Ukrainian Leader Says Eastern Violence Must End This Week

June 9 (Bloomberg) –- Ukraine's Independence Square was the focus of a revolution that ousted pro-Russian President Victor Yanukovich. Almost half a year later and the square, one of Kiev's busiest, is still be occupied by protestors. A new mayor and president have called for the camp to be taken down. Bloomberg's Ryan Chilcote looks at how they plan to reclaim the square. (Source: Bloomberg)

Ukraine’s new leader, Petro Poroshenko, said the violence that’s rocked the former Soviet republic’s easternmost regions must end this week as peace talks began involving an envoy of Russian President Vladimir Putin.

Poroshenko, who took the oath of office June 7, said negotiations should be held daily. Yesterday’s three-way talks in Kiev included the Ukrainian ambassador to Germany, Pavlo Klimkin, the Russian envoy to Ukraine, Mikhail Zurabov, and Heidi Tagliavini, a special representative of the Organization for Security and Cooperation in Europe.

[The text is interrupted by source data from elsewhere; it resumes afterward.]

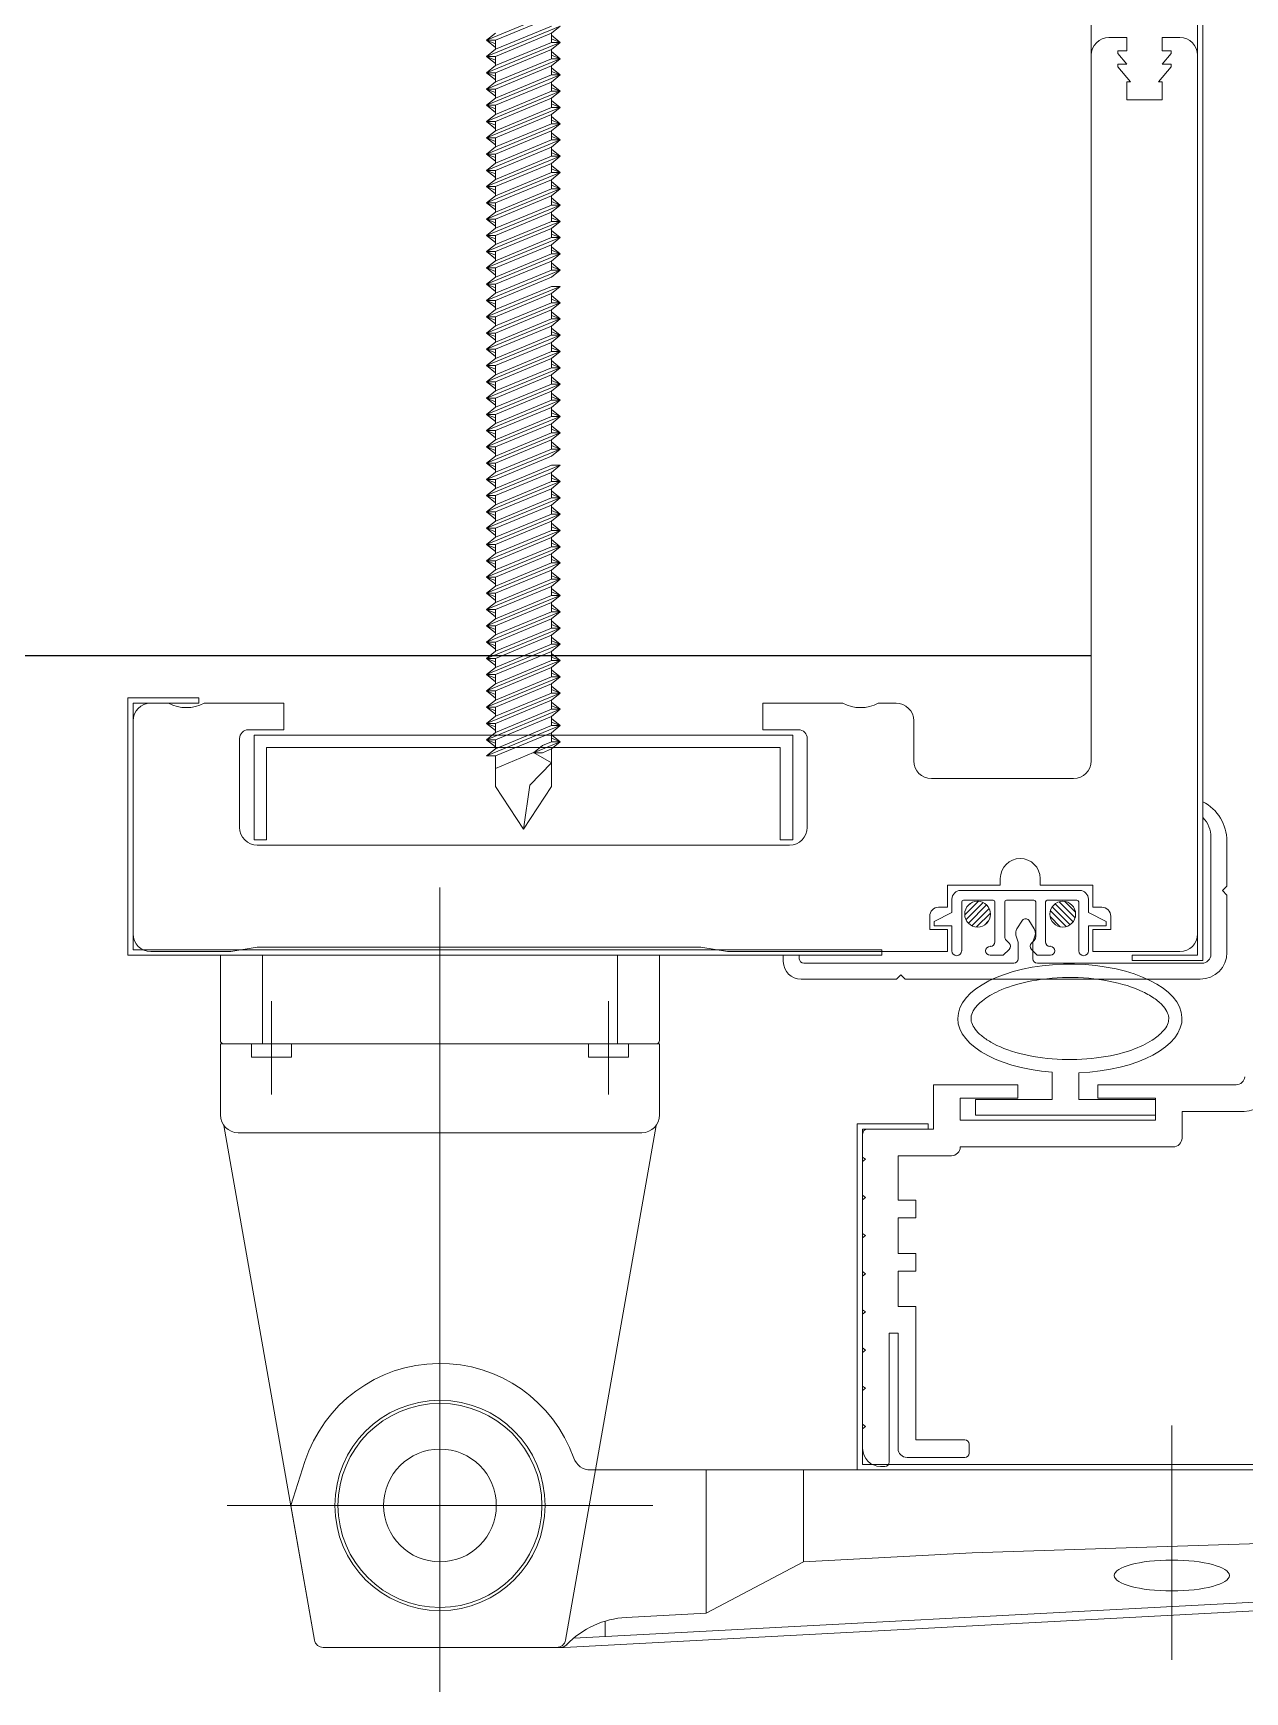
# Model space of a CAD drawing. Header units: millimetres. Extents: x 232323 to 272954, y -5343 to 8721.
# Drawn here: x 245387.6 to 245531, y -4418.1 to -4221.9 of the extents above; entities that cross this region are included whole.
import ezdxf

# ---------------------------------------------------------------- set-up
doc = ezdxf.new("R2010")
doc.units = ezdxf.units.MM
doc.header["$MEASUREMENT"] = 0
doc.layers.get('0').update_dxf_attribs({"linetype": 'CONTINUOUS'})
doc.layers.add('A-XXXX-FIN2', color=6, linetype='CONTINUOUS', lineweight=20)
doc.layers.add('냉동', color=3, linetype='CONTINUOUS')

# ---------------------------------------------------------------- blocks, each defined once
blk = doc.blocks.new('MR033~MR037 방열문 및 기타 도어 상세도$0$A$C649E4CA7')
h = blk.add_hatch()
h.set_pattern_fill('ANSI31', color=1, scale=0.149485, style=0)
h.set_pattern_definition([(45, (-290834.0083, -78700.745), (-0.33560235504, 0.33560235504), [])])
h.paths.add_polyline_path([(-2.58, 0.91, 1), (0.32, 0.91, 1)])
at = {"color": 1}
blk.add_circle((-1.13, 0.91), 1.45, dxfattribs=at)

msp = doc.modelspace()

# ---------------------------------------------------------------- linework, layer by layer
at = {"layer": 'A-XXXX-FIN2'}
for p, q in [((245525.45, -4330.95), (245525.45, -4183.11)), ((245526.08, -4331.58), (245526.08, -4182.48)), ((245512.85, -4195.5), (245512.85, -4295.5)), ((245441.29, -4222.69), (245450.01, -4219.1)), ((245441.29, -4222.69), (245450.01, -4219.1)), ((245441.29, -4224.62), (245450.01, -4221.03)), ((245441.29, -4224.62), (245450.01, -4221.03)), ((245448.96, -4219.95), (245442.34, -4222.69)), ((245442.34, -4223.77), (245448.96, -4221.03)), ((245450.01, -4221.03), (245448.96, -4221.87)), ((245441.29, -4222.69), (245442.34, -4221.85)), ((245442.34, -4222.69), (245441.29, -4222.69)), ((245442.34, -4223.12), (245441.29, -4222.69)), ((245441.29, -4222.69), (245442.34, -4223.54)), ((245442.34, -4223.12), (245441.29, -4222.69)), ((245441.29, -4222.69), (245442.34, -4223.54)), ((245441.29, -4226.54), (245450.01, -4222.95)), ((245441.29, -4226.54), (245450.01, -4222.95)), ((245448.96, -4221.87), (245442.34, -4224.62)), ((245442.34, -4223.77), (245442.34, -4222.69)), ((245442.34, -4225.7), (245448.96, -4222.95)), ((245448.96, -4222.95), (245448.96, -4221.87)), ((245450.01, -4222.95), (245448.96, -4222.11)), ((245448.96, -4222.53), (245450.01, -4222.95)), ((245450.01, -4222.95), (245448.96, -4223.8)), ((245448.96, -4222.95), (245450.01, -4222.95)), ((245517.05, -4222.38), (245514.95, -4222.38)), ((245517.05, -4222.38), (245517.05, -4223.96)), ((245523.35, -4222.38), (245521.25, -4222.38)), ((245521.25, -4222.38), (245521.25, -4223.96)), ((245441.29, -4224.62), (245442.34, -4223.77)), ((245442.34, -4224.62), (245441.29, -4224.62)), ((245442.34, -4225.04), (245441.29, -4224.62)), ((245441.29, -4224.62), (245442.34, -4225.46)), ((245442.34, -4225.04), (245441.29, -4224.62)), ((245441.29, -4224.62), (245442.34, -4225.46)), ((245441.29, -4228.47), (245450.01, -4224.88)), ((245441.29, -4228.47), (245450.01, -4224.88)), ((245448.96, -4223.8), (245442.34, -4226.54)), ((245442.34, -4225.7), (245442.34, -4224.62)), ((245442.34, -4227.62), (245448.96, -4224.88)), ((245448.96, -4224.88), (245448.96, -4223.8)), ((245450.01, -4224.88), (245448.96, -4224.03)), ((245448.96, -4224.46), (245450.01, -4224.88)), ((245450.01, -4224.88), (245448.96, -4225.72)), ((245448.96, -4224.88), (245450.01, -4224.88)), ((245512.85, -4307.96), (245512.85, -4224.48)), ((245516, -4223.96), (245517.05, -4223.96)), ((245516, -4223.96), (245516, -4224.27)), ((245517.05, -4225.53), (245516, -4224.27)), ((245521.25, -4223.96), (245522.3, -4223.96)), ((245521.25, -4225.53), (245522.3, -4224.27)), ((245522.3, -4223.96), (245522.3, -4224.27)), ((245525.45, -4328.43), (245525.45, -4224.48)), ((245441.29, -4226.54), (245442.34, -4225.7)), ((245442.34, -4226.54), (245441.29, -4226.54)), ((245442.34, -4226.96), (245441.29, -4226.54)), ((245441.29, -4226.54), (245442.34, -4227.39)), ((245442.34, -4226.96), (245441.29, -4226.54)), ((245441.29, -4226.54), (245442.34, -4227.39)), ((245441.29, -4230.39), (245450.01, -4226.8)), ((245441.29, -4230.39), (245450.01, -4226.8)), ((245448.96, -4225.72), (245442.34, -4228.47)), ((245442.34, -4227.62), (245442.34, -4226.54)), ((245442.34, -4229.55), (245448.96, -4226.8)), ((245448.96, -4226.8), (245448.96, -4225.72)), ((245450.01, -4226.8), (245448.96, -4225.96)), ((245448.96, -4226.38), (245450.01, -4226.8)), ((245450.01, -4226.8), (245448.96, -4227.65)), ((245448.96, -4226.8), (245450.01, -4226.8)), ((245516, -4225.53), (245517.05, -4225.53)), ((245516, -4225.53), (245516, -4225.85)), ((245517.49, -4227.63), (245516, -4225.85)), ((245520.81, -4227.63), (245522.3, -4225.85)), ((245521.25, -4225.53), (245522.3, -4225.53)), ((245522.3, -4225.53), (245522.3, -4225.85)), ((245441.29, -4228.47), (245442.34, -4227.62)), ((245442.34, -4228.47), (245441.29, -4228.47)), ((245442.34, -4228.89), (245441.29, -4228.47)), ((245441.29, -4228.47), (245442.34, -4229.31)), ((245442.34, -4228.89), (245441.29, -4228.47)), ((245441.29, -4228.47), (245442.34, -4229.31)), ((245441.29, -4232.32), (245450.01, -4228.73)), ((245441.29, -4232.32), (245450.01, -4228.73)), ((245448.96, -4227.65), (245442.34, -4230.39)), ((245442.34, -4229.55), (245442.34, -4228.47)), ((245442.34, -4231.47), (245448.96, -4228.73)), ((245448.96, -4228.73), (245448.96, -4227.65)), ((245450.01, -4228.73), (245448.96, -4227.88)), ((245448.96, -4228.31), (245450.01, -4228.73)), ((245450.01, -4228.73), (245448.96, -4229.57)), ((245448.96, -4228.73), (245450.01, -4228.73)), ((245517.05, -4227.63), (245517.49, -4227.63)), ((245517.05, -4227.63), (245517.05, -4229.73)), ((245520.81, -4227.63), (245521.25, -4227.63)), ((245521.25, -4227.63), (245521.25, -4229.73)), ((245441.29, -4230.39), (245442.34, -4229.55)), ((245442.34, -4230.39), (245441.29, -4230.39)), ((245442.34, -4230.81), (245441.29, -4230.39)), ((245441.29, -4230.39), (245442.34, -4231.24)), ((245442.34, -4230.81), (245441.29, -4230.39)), ((245441.29, -4230.39), (245442.34, -4231.24)), ((245441.29, -4234.24), (245450.01, -4230.65)), ((245441.29, -4234.24), (245450.01, -4230.65)), ((245448.96, -4229.57), (245442.34, -4232.32)), ((245442.34, -4231.47), (245442.34, -4230.39)), ((245442.34, -4233.4), (245448.96, -4230.65)), ((245448.96, -4230.65), (245448.96, -4229.57)), ((245450.01, -4230.65), (245448.96, -4229.81)), ((245448.96, -4230.23), (245450.01, -4230.65)), ((245450.01, -4230.65), (245448.96, -4231.5)), ((245448.96, -4230.65), (245450.01, -4230.65)), ((245517.05, -4229.73), (245521.25, -4229.73)), ((245441.29, -4232.32), (245442.34, -4231.47)), ((245442.34, -4232.32), (245441.29, -4232.32)), ((245442.34, -4232.74), (245441.29, -4232.32)), ((245441.29, -4232.32), (245442.34, -4233.16)), ((245442.34, -4232.74), (245441.29, -4232.32)), ((245441.29, -4232.32), (245442.34, -4233.16)), ((245441.29, -4236.17), (245450.01, -4232.58)), ((245441.29, -4236.17), (245450.01, -4232.58)), ((245448.96, -4231.5), (245442.34, -4234.24)), ((245442.34, -4233.4), (245442.34, -4232.32)), ((245442.34, -4235.32), (245448.96, -4232.58)), ((245448.96, -4232.58), (245448.96, -4231.5)), ((245450.01, -4232.58), (245448.96, -4231.73)), ((245448.96, -4232.16), (245450.01, -4232.58)), ((245450.01, -4232.58), (245448.96, -4233.42)), ((245448.96, -4232.58), (245450.01, -4232.58)), ((245441.29, -4234.24), (245442.34, -4233.4)), ((245442.34, -4234.24), (245441.29, -4234.24)), ((245442.34, -4234.66), (245441.29, -4234.24)), ((245441.29, -4234.24), (245442.34, -4235.09)), ((245442.34, -4234.66), (245441.29, -4234.24)), ((245441.29, -4234.24), (245442.34, -4235.09)), ((245441.29, -4238.09), (245450.01, -4234.5)), ((245441.29, -4238.09), (245450.01, -4234.5)), ((245448.96, -4233.42), (245442.34, -4236.17)), ((245442.34, -4235.32), (245442.34, -4234.24)), ((245442.34, -4237.25), (245448.96, -4234.5)), ((245448.96, -4234.5), (245448.96, -4233.42)), ((245450.01, -4234.5), (245448.96, -4233.66)), ((245448.96, -4234.08), (245450.01, -4234.5)), ((245450.01, -4234.5), (245448.96, -4235.35)), ((245448.96, -4234.5), (245450.01, -4234.5)), ((245441.29, -4236.17), (245442.34, -4235.32)), ((245442.34, -4236.17), (245441.29, -4236.17)), ((245442.34, -4236.59), (245441.29, -4236.17)), ((245441.29, -4236.17), (245442.34, -4237.01)), ((245442.34, -4236.59), (245441.29, -4236.17)), ((245441.29, -4236.17), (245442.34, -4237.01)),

“We must stop the violence this week,” Poroshenko said on his website. “Every day when people die, every day when Ukraine pays such a high price is unacceptable.”

Standoff in Ukraine

Poroshenko, who was sworn in a day after discussing cease-fire proposals with Putin, used his inauguration speech to present a plan to bring peace after more than six months of unrest that’s pitted the U.S. and Europe against Russia in the worst standoff since the Cold War. After his May 25 election victory, the 48-year-old billionaire’s ability to repair relations with Russia will be key to success in pacifying the Donetsk and Luhansk regions, where the military is battling a separatist insurgency.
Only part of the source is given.